Digital tester local memory data storage system

Abstract: In a digital tester for evaluating electronic components, a local memory unit for each data channel in the tester is loaded with test vector information only in the locations of the memory relating to transitions that take place in the operation of the data channel. In addition, a transition bit is stored in each memory location to signify whether the vector information in that location represents valid transition data. The transition bit is used to control the reading of information from the memory into a register that controls the flow of information in the data channel, so that only the valid transition vectors are fed into data channel control circuitry. This procedure substantially reduces the amount of data that must be loaded into the memory, and hence reduces the total time necessary to thoroughly test a circuit.

Dynamic random access memory having separated VDD pads for improved burn-in

Abstract: A random access memory, a method of manufacturing a random access memory, and a method of testing a random access memory in which separate operating voltage terminal pads are provided for the memory cell arrays and peripheral circuits of the memory. By providing separate operating voltage terminal pads, different operating voltages can be applied to the array of cells and the peripheral circuits during a burn-in procedure. In this manner, the burn-in procedure is greatly accelerated without danger of damage to the peripheral circuits due to exceeding the sustaining voltages of the transistor devices of the peripheral circuits during burn-in.

FIFO Memory device

Abstract: A first-in-first-out memory device which is operable at a high-speed is disclosed. The memory device comprises a plural stages of memory units and a plural stages of control unit, each of the control units including a circuit for indicating whether its stage holds effective data or not, a circuit for receiving a signal of the indicating means of the previous stage, and a circuit generating a write signal when the memory cell holds no effective data and the previous stage hold effective data, in which the write signal is used to remove data stored in the previous memory cell to the corresponding stage memory cell.

Method and system to recognize change in the storage characteristics of a programmable memory

Abstract: To recognize change in the storage characteristics of programmable memory elements, particularly EPROMs, the memory content of an addressed memory element or cell is read out, the first time, at normal design voltage level; the data so read are then again read out at a changed voltage level, for example at a higher or lower read-out voltage, or higher or lower operating voltage of the EPROM, and compared. If the data do not match, the particular memory cell will have the tendency to become defective due to loss or accumulation of charge carriers in due course although, for some time yet, the specific memory cell will function satisfactorily.
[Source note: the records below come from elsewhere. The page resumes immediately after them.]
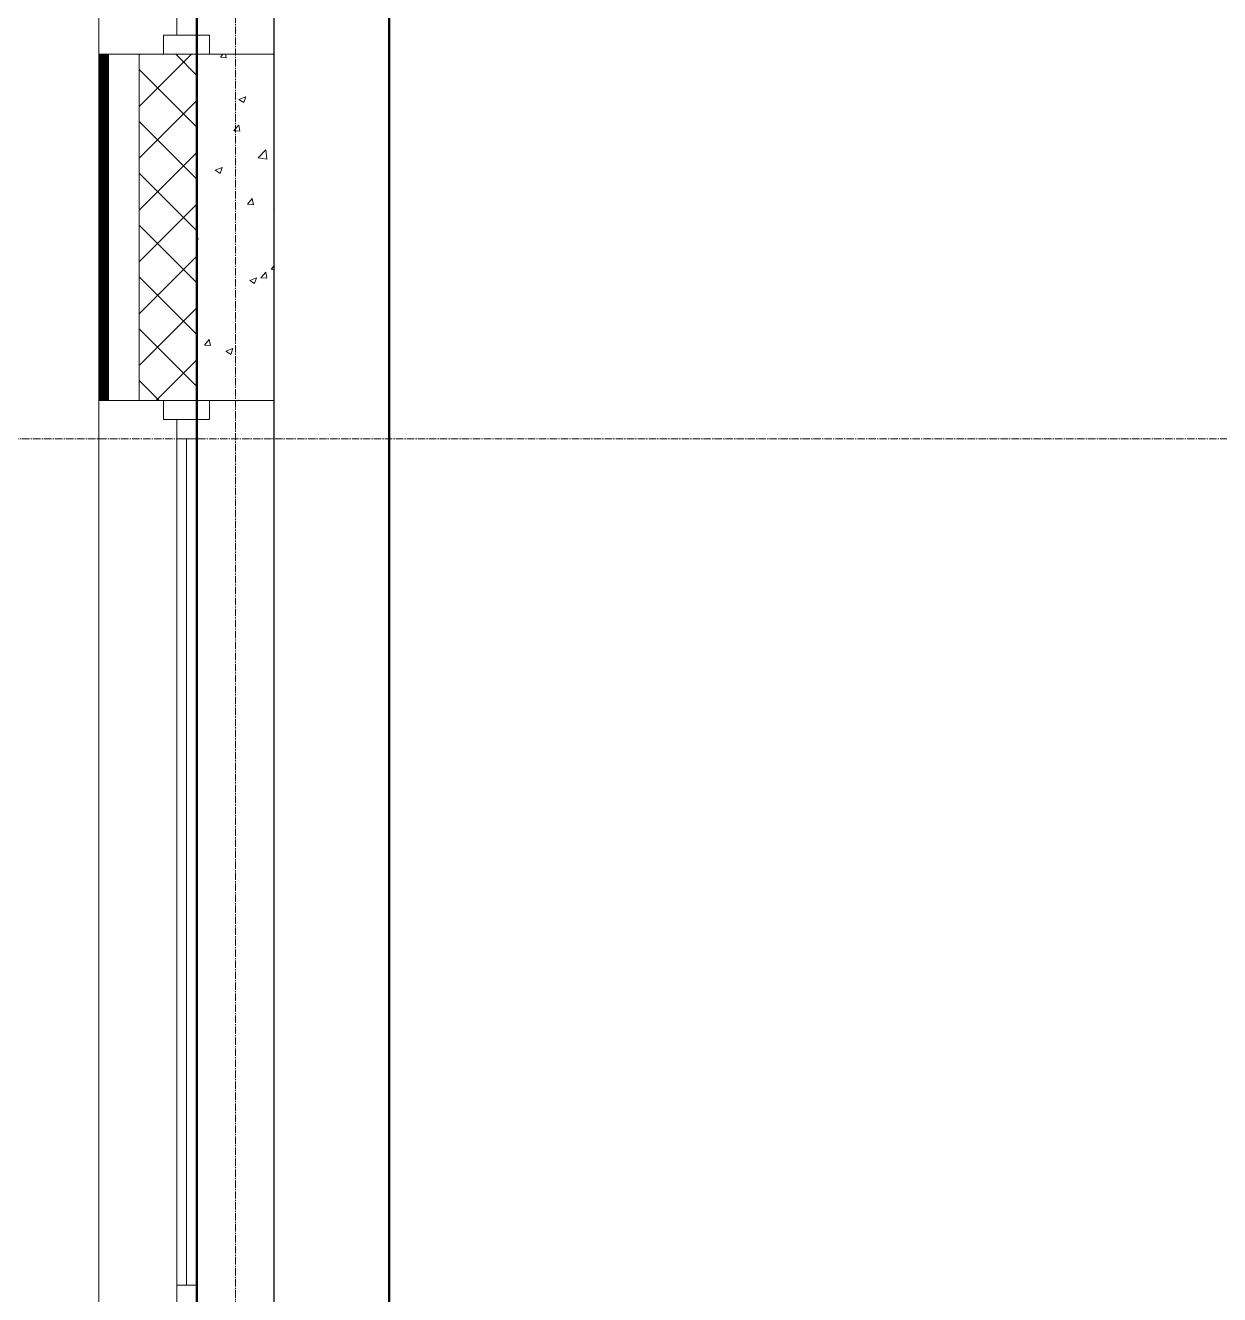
# Model space of a CAD drawing. Header units: millimetres. Extents: x -231292 to 573618, y -153144 to 564035.
# Drawn here: x 8337 to 11443, y -85670 to -82370 of the extents above; entities that cross this region are included whole.
import ezdxf

# ---------------------------------------------------------------- set-up
doc = ezdxf.new("R2010")
doc.units = ezdxf.units.MM
doc.linetypes.add('CENTER2', pattern=[28.575, 19.05, -3.175, 3.175, -3.175])
doc.layers.get('0').update_dxf_attribs({"color": 250})
for name, color, linetype, lineweight in [('A-Wall_Материал_Газоблок_Контур', 250, 'Continuous', 0), ('АР_Окна', 250, 'Continuous', 5), ('АР_Стены ПЕНОблок', 250, 'Continuous', 20), ('АР_Тонкая', 250, 'Continuous', 5), ('АР_Утеплитель', 250, 'Continuous', 0), ('АР_Штриховка', 250, 'Continuous', 0), ('РД_Оси_100', 250, 'Continuous', 0)]:
    doc.layers.add(name, color=color, linetype=linetype, lineweight=lineweight)
doc.layers.add('КР_Балки-0.5', color=60, linetype='Continuous', lineweight=50, plot=False)

# ---------------------------------------------------------------- blocks, each defined once
blk = doc.blocks.new('оси_рен')
at = {"layer": 'РД_Оси_100', "color": 251, "linetype": 'CENTER2', "true_color": 0x636466}
for p, q in [((1195652.916, 135558.25), (1195652.916, 223268.25)), ((1189697.958, 201313.25), (1241712.916, 201313.25))]:
    blk.add_line(p, q, dxfattribs=at)

msp = doc.modelspace()

# ---------------------------------------------------------------- linework, layer by layer
at = {"lineweight": -3}
msp.add_lwpolyline([(21283.458, -80265.283), (8983.458, -80265.283), (8983.458, -98050.283), (21283.458, -98050.283)], close=True, dxfattribs=at)
at = {"layer": 'A-Wall_Материал_Газоблок_Контур', "color": 18, "linetype": 'Continuous', "lineweight": 0, "true_color": 0x000000}
for p, q in [((8528.458, -80945.283), (8528.458, -82445.283)), ((8983.458, -82445.283), (8983.458, -80945.283)), ((8528.458, -83345.283), (8528.458, -85745.283)), ((8983.458, -85745.283), (8983.458, -83345.283))]:
    msp.add_line(p, q, dxfattribs=at)
at = {"layer": 'АР_Окна', "color": 18, "linetype": 'Continuous', "lineweight": 5, "true_color": 0x000000}
for p, q in [((8528.458, -80945.283), (8528.458, -82445.283)), ((8983.458, -80945.283), (8983.458, -82445.283)), ((8528.458, -83345.283), (8528.458, -85745.283)), ((8983.458, -83345.283), (8983.458, -85745.283)), ((8730.958, -83445.283), (8780.958, -83445.283)), ((8755.958, -83445.283), (8755.958, -85645.283)), ((8730.958, -85645.283), (8780.958, -85645.283))]:
    msp.add_line(p, q, dxfattribs=at)
for points in [[(8730.958, -80995.283), (8780.958, -80995.283), (8780.958, -82395.283), (8730.958, -82395.283)], [(8815.958, -82395.283), (8815.958, -82445.283), (8695.958, -82445.283), (8695.958, -82395.283)], [(8815.958, -83395.283), (8815.958, -83345.283), (8695.958, -83345.283), (8695.958, -83395.283)], [(8730.958, -83395.283), (8780.958, -83395.283), (8780.958, -85695.283), (8730.958, -85695.283)]]:
    msp.add_lwpolyline(points, close=True, dxfattribs=at)
at = {"layer": 'АР_Стены ПЕНОблок', "color": 18, "linetype": 'Continuous', "lineweight": 20, "true_color": 0x000000}
for p, q in [((8983.458, -82445.283), (8783.458, -82445.283)), ((8783.458, -82445.283), (8783.458, -83345.283)), ((8983.458, -83345.283), (8983.458, -82445.283)), ((8783.458, -83345.283), (8983.458, -83345.283))]:
    msp.add_line(p, q, dxfattribs=at)
at = {"layer": 'АР_Тонкая', "color": 18, "linetype": 'Continuous', "lineweight": 5, "true_color": 0x000000}
for p, q in [((8553.458, -82445.283), (8528.458, -82445.283)), ((8528.458, -82445.283), (8528.458, -83345.283)), ((8633.458, -82445.283), (8553.458, -82445.283)), ((8553.458, -82445.283), (8553.458, -83345.283)), ((8553.458, -83345.283), (8553.458, -82445.283)), ((8633.458, -83345.283), (8633.458, -82445.283)), ((8528.458, -83345.283), (8553.458, -83345.283)), ((8553.458, -83345.283), (8633.458, -83345.283))]:
    msp.add_line(p, q, dxfattribs=at)
at = {"layer": 'АР_Утеплитель', "color": 18, "linetype": 'Continuous', "lineweight": 0, "true_color": 0x000000}
for p, q in [((8783.458, -82445.283), (8633.458, -82445.283)), ((8633.458, -82445.283), (8633.458, -83345.283)), ((8783.458, -83345.283), (8783.458, -82445.283)), ((8633.458, -83345.283), (8783.458, -83345.283))]:
    msp.add_line(p, q, dxfattribs=at)
at = {"layer": 'АР_Штриховка', "color": 18, "linetype": 'Continuous', "lineweight": 0, "true_color": 0x000000}
for p, q in [((8528.458, -82446.283), (8553.458, -82446.283)), ((8528.458, -82447.283), (8553.458, -82447.283)), ((8528.458, -82448.283), (8553.458, -82448.283)), ((8528.458, -82449.283), (8553.458, -82449.283)), ((8528.458, -82450.283), (8553.458, -82450.283)), ((8528.458, -82451.283), (8553.458, -82451.283)), ((8528.458, -82452.283), (8553.458, -82452.283)), ((8528.458, -82453.283), (8553.458, -82453.283)), ((8528.458, -82454.283), (8553.458, -82454.283)), ((8528.458, -82455.283), (8553.458, -82455.283)), ((8528.458, -82456.283), (8553.458, -82456.283)), ((8528.458, -82457.283), (8553.458, -82457.283)), ((8528.458, -82458.283), (8553.458, -82458.283)), ((8528.458, -82459.283), (8553.458, -82459.283)), ((8528.458, -82460.283), (8553.458, -82460.283)), ((8528.458, -82461.283), (8553.458, -82461.283)), ((8528.458, -82462.283), (8553.458, -82462.283)), ((8528.458, -82463.283), (8553.458, -82463.283)), ((8528.458, -82464.283), (8553.458, -82464.283)), ((8528.458, -82465.283), (8553.458, -82465.283)), ((8528.458, -82466.283), (8553.458, -82466.283)), ((8633.458, -82446.497), (8634.672, -82445.283)), ((8633.458, -82581.201), (8769.376, -82445.283)), ((8783.458, -82500.608), (8728.133, -82445.283)), ((8844.147, -82453.129), (8850.73, -82445.283)), ((8844.147, -82453.129), (8859.329, -82454.458)), ((8859.519, -82454.422), (8857.834, -82445.283)), ((8528.458, -82467.283), (8553.458, -82467.283)), ((8528.458, -82468.283), (8553.458, -82468.283)), ((8528.458, -82469.283), (8553.458, -82469.283)), ((8528.458, -82470.283), (8553.458, -82470.283)), ((8528.458, -82471.283), (8553.458, -82471.283)), ((8528.458, -82472.283), (8553.458, -82472.283)), ((8528.458, -82473.283), (8553.458, -82473.283)), ((8528.458, -82474.283), (8553.458, -82474.283)), ((8528.458, -82475.283), (8553.458, -82475.283)), ((8528.458, -82476.283), (8553.458, -82476.283)), ((8528.458, -82477.283), (8553.458, -82477.283)), ((8528.458, -82478.283), (8553.458, -82478.283)), ((8528.458, -82479.283), (8553.458, -82479.283)), ((8528.458, -82480.283), (8553.458, -82480.283)), ((8528.458, -82481.283), (8553.458, -82481.283)), ((8528.458, -82482.283), (8553.458, -82482.283)), ((8528.458, -82483.283), (8553.458, -82483.283)), ((8528.458, -82484.283), (8553.458, -82484.283)), ((8528.458, -82485.283), (8553.458, -82485.283)), ((8528.458, -82486.283), (8553.458, -82486.283)), ((8528.458, -82487.283), (8553.458, -82487.283)), ((8528.458, -82488.283), (8553.458, -82488.283)), ((8528.458, -82489.283), (8553.458, -82489.283)), ((8528.458, -82490.283), (8553.458, -82490.283)), ((8528.458, -82491.283), (8553.458, -82491.283)), ((8528.458, -82492.283), (8553.458, -82492.283)), ((8528.458, -82493.283), (8553.458, -82493.283)), ((8528.458, -82494.283), (8553.458, -82494.283)), ((8528.458, -82495.283), (8553.458, -82495.283)), ((8528.458, -82496.283), (8553.458, -82496.283)), ((8528.458, -82497.283), (8553.458, -82497.283)), ((8528.458, -82498.283), (8553.458, -82498.283)), ((8528.458, -82499.283), (8553.458, -82499.283)), ((8783.458, -82635.312), (8633.458, -82485.312)), ((8528.458, -82500.283), (8553.458, -82500.283)), ((8528.458, -82501.283), (8553.458, -82501.283)), ((8528.458, -82502.283), (8553.458, -82502.283)), ((8528.458, -82503.283), (8553.458, -82503.283)), ((8528.458, -82504.283), (8553.458, -82504.283)), ((8528.458, -82505.283), (8553.458, -82505.283)), ((8528.458, -82506.283), (8553.458, -82506.283)), ((8528.458, -82507.283), (8553.458, -82507.283)), ((8528.458, -82508.283), (8553.458, -82508.283)), ((8528.458, -82509.283), (8553.458, -82509.283)), ((8528.458, -82510.283), (8553.458, -82510.283)), ((8528.458, -82511.283), (8553.458, -82511.283)), ((8528.458, -82512.283), (8553.458, -82512.283)), ((8528.458, -82513.283), (8553.458, -82513.283)), ((8528.458, -82514.283), (8553.458, -82514.283)), ((8528.458, -82515.283), (8553.458, -82515.283)), ((8528.458, -82516.283), (8553.458, -82516.283)), ((8528.458, -82517.283), (8553.458, -82517.283)), ((8528.458, -82518.283), (8553.458, -82518.283)), ((8528.458, -82519.283), (8553.458, -82519.283)), ((8528.458, -82520.283), (8553.458, -82520.283)), ((8528.458, -82521.283), (8553.458, -82521.283)), ((8528.458, -82522.283), (8553.458, -82522.283)), ((8528.458, -82523.283), (8553.458, -82523.283)), ((8528.458, -82524.283), (8553.458, -82524.283)), ((8528.458, -82525.283), (8553.458, -82525.283)), ((8528.458, -82526.283), (8553.458, -82526.283)), ((8528.458, -82527.283), (8553.458, -82527.283)), ((8528.458, -82528.283), (8553.458, -82528.283)), ((8528.458, -82529.283), (8553.458, -82529.283)), ((8528.458, -82530.283), (8553.458, -82530.283)), ((8528.458, -82531.283), (8553.458, -82531.283)), ((8528.458, -82532.283), (8553.458, -82532.283)), ((8528.458, -82533.283), (8553.458, -82533.283)), ((8528.458, -82534.283), (8553.458, -82534.283)), ((8528.458, -82535.283), (8553.458, -82535.283)), ((8528.458, -82536.283), (8553.458, -82536.283)), ((8528.458, -82537.283), (8553.458, -82537.283)), ((8528.458, -82538.283), (8553.458, -82538.283)), ((8528.458, -82539.283), (8553.458, -82539.283)), ((8528.458, -82540.283), (8553.458, -82540.283)), ((8528.458, -82541.283), (8553.458, -82541.283)), ((8528.458, -82542.283), (8553.458, -82542.283)), ((8528.458, -82543.283), (8553.458, -82543.283)), ((8528.458, -82544.283), (8553.458, -82544.283)), ((8528.458, -82545.283), (8553.458, -82545.283)), ((8528.458, -82546.283), (8553.458, -82546.283)), ((8528.458, -82547.283), (8553.458, -82547.283)), ((8528.458, -82548.283), (8553.458, -82548.283)), ((8528.458, -82549.283), (8553.458, -82549.283)), ((8528.458, -82550.283), (8553.458, -82550.283)), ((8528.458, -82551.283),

Detection of errors upon operation under changed voltage conditions provides early warning of failure of a cell.

Circuit for allocating memory cycles to two processors that share memory

Abstract: A circuit for allocating main memory cycles between two data processors has means for making the allocation by either of two procedures. In one procedure, control of memory is transferred only after a request for memory access has been made. In a second procedure, transfer of memory control to a requesting processor is automatically accompanied by a request to return control. The control memory of a processor selects the process by two bits called Code Idle and Code Release. Code Idle accompanies instructions that usually mean that the releasing processor will not need memory for several memory cycle times, and an explicit request for transfer is made when memory is actually needed. Code Release accompanies instructions that do not require memory access at the time but are typically followed by a memory request within a processor cycle time or a few processor cycle times. Memory control is returned without the delay that is associated with an explicit request.